In A Simple Story the constant tension between the overt and the concealed, the familiar and the unknown, is conveyed in the conflict pitting Tsirl against the object of Hirshl's inhibited but visceral desire, Blume. This conflict is demonstrated in the first discriminated scene of the novel, which then remains as an important point of reference and urges the reader to look for it everywhere. Blume, the flower of the night, with all that she represents and with her spiritual rather than physical presence, is not only the source of an attraction that is at once irresistible and terrifying; she is also the source for creative inspiration. In the closing words of the novel, the narrator comments that “Hirshl and Mina's story is over, but Blume's is not” (230).7 Blume's story continues because Agnon's sentimental and romantic investment in her can “fill another book” and “much ink would be spilled and many quills broken before we would be done” (230). For Agnon the artist, as for Agnon's protagonist, despite the rasping intrusion of the mother, Blume is an unending story, like the blind beggar's song in the dream that has neither beginning nor end.

Notes

  1. S. Y. Agnon, A Simple Story, translated by Hillel Halkin (New York, 1985). The Hebrew original, Sippur pashut was published in Tel-Aviv in 1935.

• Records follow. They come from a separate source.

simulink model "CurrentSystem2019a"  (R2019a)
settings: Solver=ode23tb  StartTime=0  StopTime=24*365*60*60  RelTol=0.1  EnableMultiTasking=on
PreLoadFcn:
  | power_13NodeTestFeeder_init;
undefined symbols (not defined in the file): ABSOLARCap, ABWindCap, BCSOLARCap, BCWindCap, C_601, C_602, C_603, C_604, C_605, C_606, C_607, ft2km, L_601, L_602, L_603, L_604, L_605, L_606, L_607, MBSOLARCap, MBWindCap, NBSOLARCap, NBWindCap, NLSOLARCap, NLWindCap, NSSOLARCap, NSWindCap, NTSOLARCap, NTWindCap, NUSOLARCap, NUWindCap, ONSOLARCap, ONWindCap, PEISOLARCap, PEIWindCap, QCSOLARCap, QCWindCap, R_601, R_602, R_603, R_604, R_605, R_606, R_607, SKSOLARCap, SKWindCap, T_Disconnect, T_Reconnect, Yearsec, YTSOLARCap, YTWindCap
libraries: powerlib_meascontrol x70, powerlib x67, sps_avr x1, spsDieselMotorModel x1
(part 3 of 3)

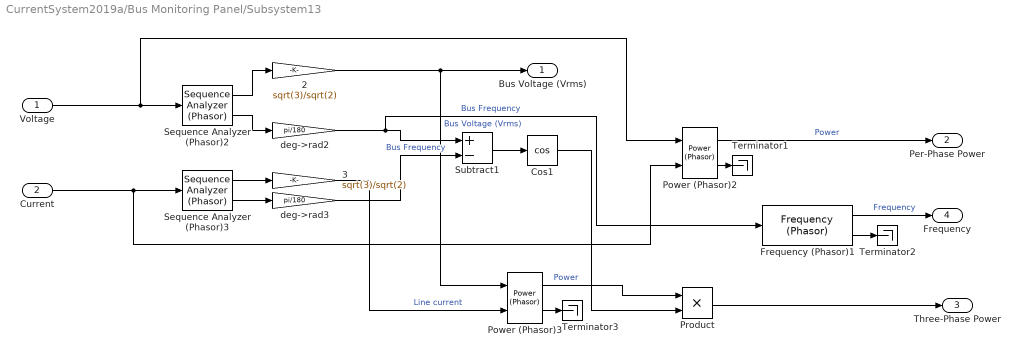
== system CurrentSystem2019a/Bus Monitoring Panel/Subsystem13 ==
  Voltage : Inport
  Current : Inport  Port=2
  " 2" : Gain  Gain=sqrt(3)/sqrt(2)
  " 3" : Gain  Gain=sqrt(3)/sqrt(2)
  Cos1 : Trigonometry  Operator=cos
  Frequency (Phasor)1 : powerlib_meascontrol/Measurements/Frequency (Phasor)  Fn=60  T=0.1
      settings: SourceProductName=Simscape Electrical  SourceProductBaseCode=PS
  Power (Phasor)2 : powerlib_meascontrol/Measurements/Power (Phasor)
      settings: SourceProductName=Simscape Electrical  SourceProductBaseCode=PS
  Power (Phasor)3 : powerlib_meascontrol/Measurements/Power (Phasor)
      settings: SourceProductName=Simscape Electrical  SourceProductBaseCode=PS
  Product : Product
  Sequence Analyzer (Phasor)2 : powerlib_meascontrol/Measurements/Sequence Analyzer (Phasor)  seq=Positive
      settings: SourceProductName=Simscape Electrical  SourceProductBaseCode=PS
  Sequence Analyzer (Phasor)3 : powerlib_meascontrol/Measurements/Sequence Analyzer (Phasor)  seq=Positive
      settings: SourceProductName=Simscape Electrical  SourceProductBaseCode=PS
  Subtract1 : Sum  Inputs=+-
  Terminator1 : Terminator
  Terminator2 : Terminator
  Terminator3 : Terminator
  deg->rad2 : Gain  Gain=pi/180
  deg->rad3 : Gain  Gain=pi/180
  Bus Voltage (Vrms) : Outport  VectorParamsAs1DForOutWhenUnconnected=on
  Per-Phase Power : Outport  Port=2  VectorParamsAs1DForOutWhenUnconnected=on
  Three-Phase Power : Outport  Port=3  VectorParamsAs1DForOutWhenUnconnected=on
  Frequency : Outport  Port=4  VectorParamsAs1DForOutWhenUnconnected=on
  wires:
  Sequence Analyzer (Phasor)2/1 -> " 2"/1
  Sequence Analyzer (Phasor)2/2 -> deg->rad2/1
  Voltage/1 -> Power (Phasor)2/1, Sequence Analyzer (Phasor)2/1
  " 2"/1 -> Power (Phasor)3/1, Bus Voltage (Vrms)/1  "Bus Voltage (Vrms)"
  Sequence Analyzer (Phasor)3/1 -> " 3"/1
  Sequence Analyzer (Phasor)3/2 -> deg->rad3/1
  Current/1 -> Power (Phasor)2/2, Sequence Analyzer (Phasor)3/1
  Subtract1/1 -> Cos1/1
  deg->rad2/1 -> Frequency (Phasor)1/1, Subtract1/1  "Bus Frequency"
  deg->rad3/1 -> Subtract1/2  "Bus Frequency"
  Power (Phasor)2/1 -> Per-Phase Power/1  "Power"
  Power (Phasor)2/2 -> Terminator1/1
  Frequency (Phasor)1/2 -> Terminator2/1
  Frequency (Phasor)1/1 -> Frequency/1  "Frequency"
  " 3"/1 -> Power (Phasor)3/2  "Line current"
  Power (Phasor)3/1 -> Product/1  "Power"
  Cos1/1 -> Product/2
  Power (Phasor)3/2 -> Terminator3/1
  Product/1 -> Three-Phase Power/1

== system CurrentSystem2019a/Bus Monitoring Panel/Subsystem14 ==
  Voltage : Inport
  Current : Inport  Port=2
  Constant : Constant  Value=sqrt(3)
  Cos1 : Trigonometry  Operator=cos
  Product : Product  Inputs=3
  Product2 : Product
  Sequence Analyzer (Phasor)2 : powerlib_meascontrol/Measurements/Sequence Analyzer (Phasor)  seq=Positive
      settings: SourceProductName=Simscape Electrical  SourceProductBaseCode=PS
  Sequence Analyzer (Phasor)3 : powerlib_meascontrol/Measurements/Sequence Analyzer (Phasor)  seq=Positive
      settings: SourceProductName=Simscape Electrical  SourceProductBaseCode=PS
  Subtract1 : Sum  Inputs=+-
  deg->rad2 : Gain  Gain=pi/180
  deg->rad3 : Gain  Gain=pi/180
  Three-Phase Power : Outport  VectorParamsAs1DForOutWhenUnconnected=on
  wires:
  Sequence Analyzer (Phasor)2/1 -> Product2/1
  Product2/1 -> Product/1  "Power"
  Constant/1 -> Product/3
  Current/1 -> Sequence Analyzer (Phasor)3/1
  Sequence Analyzer (Phasor)3/1 -> Product2/2
  Sequence Analyzer (Phasor)3/2 -> deg->rad3/1
  deg->rad2/1 -> Subtract1/1  "Bus Frequency"
  Sequence Analyzer (Phasor)2/2 -> deg->rad2/1
  Subtract1/1 -> Cos1/1
  deg->rad3/1 -> Subtract1/2  "Bus Frequency"
  Voltage/1 -> Sequence Analyzer (Phasor)2/1
  Cos1/1 -> Product/2
  Product/1 -> Three-Phase Power/1

== system CurrentSystem2019a/Bus Monitoring Panel/Subsystem15 ==
  Voltage : Inport
  Current : Inport  Port=2
  Constant : Constant  Value=sqrt(3)
  Cos1 : Trigonometry  Operator=cos
  Product : Product  Inputs=3
  Product2 : Product
  Sequence Analyzer (Phasor)2 : powerlib_meascontrol/Measurements/Sequence Analyzer (Phasor)  seq=Positive
      settings: SourceProductName=Simscape Electrical  SourceProductBaseCode=PS
  Sequence Analyzer (Phasor)3 : powerlib_meascontrol/Measurements/Sequence Analyzer (Phasor)  seq=Positive
      settings: SourceProductName=Simscape Electrical  SourceProductBaseCode=PS
  Subtract1 : Sum  Inputs=+-
  deg->rad2 : Gain  Gain=pi/180
  deg->rad3 : Gain  Gain=pi/180
  Three-Phase Power : Outport  VectorParamsAs1DForOutWhenUnconnected=on
  wires:
  Sequence Analyzer (Phasor)2/1 -> Product2/1
  Product2/1 -> Product/1  "Power"
  Constant/1 -> Product/3
  Current/1 -> Sequence Analyzer (Phasor)3/1
  Sequence Analyzer (Phasor)3/1 -> Product2/2
  Sequence Analyzer (Phasor)3/2 -> deg->rad3/1
  deg->rad2/1 -> Subtract1/1  "Bus Frequency"
  Sequence Analyzer (Phasor)2/2 -> deg->rad2/1
  Subtract1/1 -> Cos1/1
  deg->rad3/1 -> Subtract1/2  "Bus Frequency"
  Voltage/1 -> Sequence Analyzer (Phasor)2/1
  Cos1/1 -> Product/2
  Product/1 -> Three-Phase Power/1

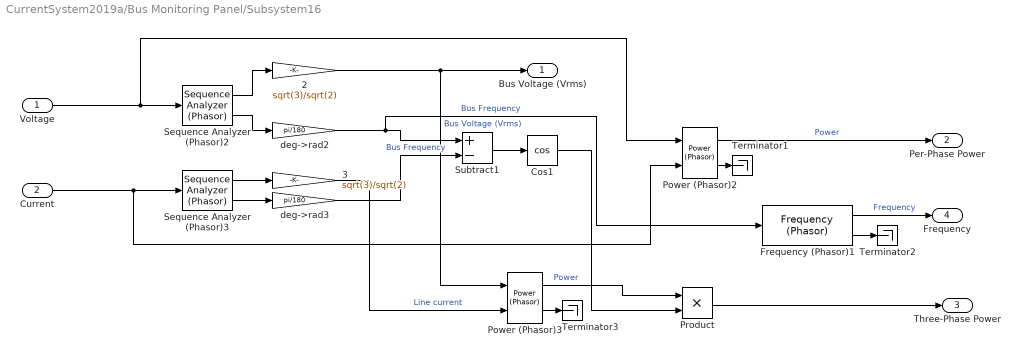
== system CurrentSystem2019a/Bus Monitoring Panel/Subsystem16 ==
  Voltage : Inport
  Current : Inport  Port=2
  " 2" : Gain  Gain=sqrt(3)/sqrt(2)
  " 3" : Gain  Gain=sqrt(3)/sqrt(2)
  Cos1 : Trigonometry  Operator=cos
  Frequency (Phasor)1 : powerlib_meascontrol/Measurements/Frequency (Phasor)  Fn=60  T=0.1
      settings: SourceProductName=Simscape Electrical  SourceProductBaseCode=PS
  Power (Phasor)2 : powerlib_meascontrol/Measurements/Power (Phasor)
      settings: SourceProductName=Simscape Electrical  SourceProductBaseCode=PS
  Power (Phasor)3 : powerlib_meascontrol/Measurements/Power (Phasor)
      settings: SourceProductName=Simscape Electrical  SourceProductBaseCode=PS
  Product : Product
  Sequence Analyzer (Phasor)2 : powerlib_meascontrol/Measurements/Sequence Analyzer (Phasor)  seq=Positive
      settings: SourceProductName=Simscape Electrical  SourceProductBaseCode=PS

  2. Henry James in The Art of the Novel, ed. R. P. Blackmur (New York, 1962), p. 323, describes a “discriminated occasion” or “scene” as “copious, comprehensive and accordingly never short, but with its office as definite as that of the hammer on the gong of the clock, the office of expressing all that is in the hour.” Cf. Meir Sternberg, “What is Exposition? An Essay in Temporal Delimitation,” in The Theory of the Novel, ed. John Halperin (New York and London, 1974), pp. 25-70, but especially pp. 49-59.

  3. Gershon Shaked in Omanut hasippur shel Agnon [The Narrative Art of S. Y. Agnon] (Tel Aviv, 1976), pp. 197-227, considers the “eating” as the central motif of the novel. The term “motif” as used in Shaked's essay, as well as in mine, designates a recurrent and migratory thematic unit, very often reducible to smaller units. Indeed, Shaked's large motif—the “eating”—is reduced in my account of the breakfast meal.

  4. See A. J. Band in Nostalgia and Nightmare: A Study in the Fiction of S. Y. Agnon (Berkeley, 1968), p. 247.

  5. I will not deal here with the obvious Freudian connotations of lock and key, nor with the significance of this theme for Agnon. It is dealt with at length in Yael Feldman, “Between Key and Lock” [Hebrew], Hasifrut 32 (1983). For my purposes it is sufficient to note that in A Simple Story “door,” “window,” “lock,” and “wall” serve as obstacles separating Hirshl from the object of his love. Hirshl, on his way to the unattainable Blume, stops to weep “on the handles” of her new house's “lock.” On the Handles of the Lock is the title of the volume which contains Agnon's love stories.

  6. There is also a pun in the name Mina Ziemlich. Mina sounds like old German Minne = love; Ziemlich = moderate(ly).

  7. Many critics have commented on these closing words. See for example Esther Fuchs, Omanut hahitamemut: ‘al ha'ironia shel Shay Agnon [Cunning Innocence: On S. Y. Agnon's Irony] (Tel Aviv, 1985), p. 96 and Hillel Halkin “Afterword” to his translation of A Simple Story (246).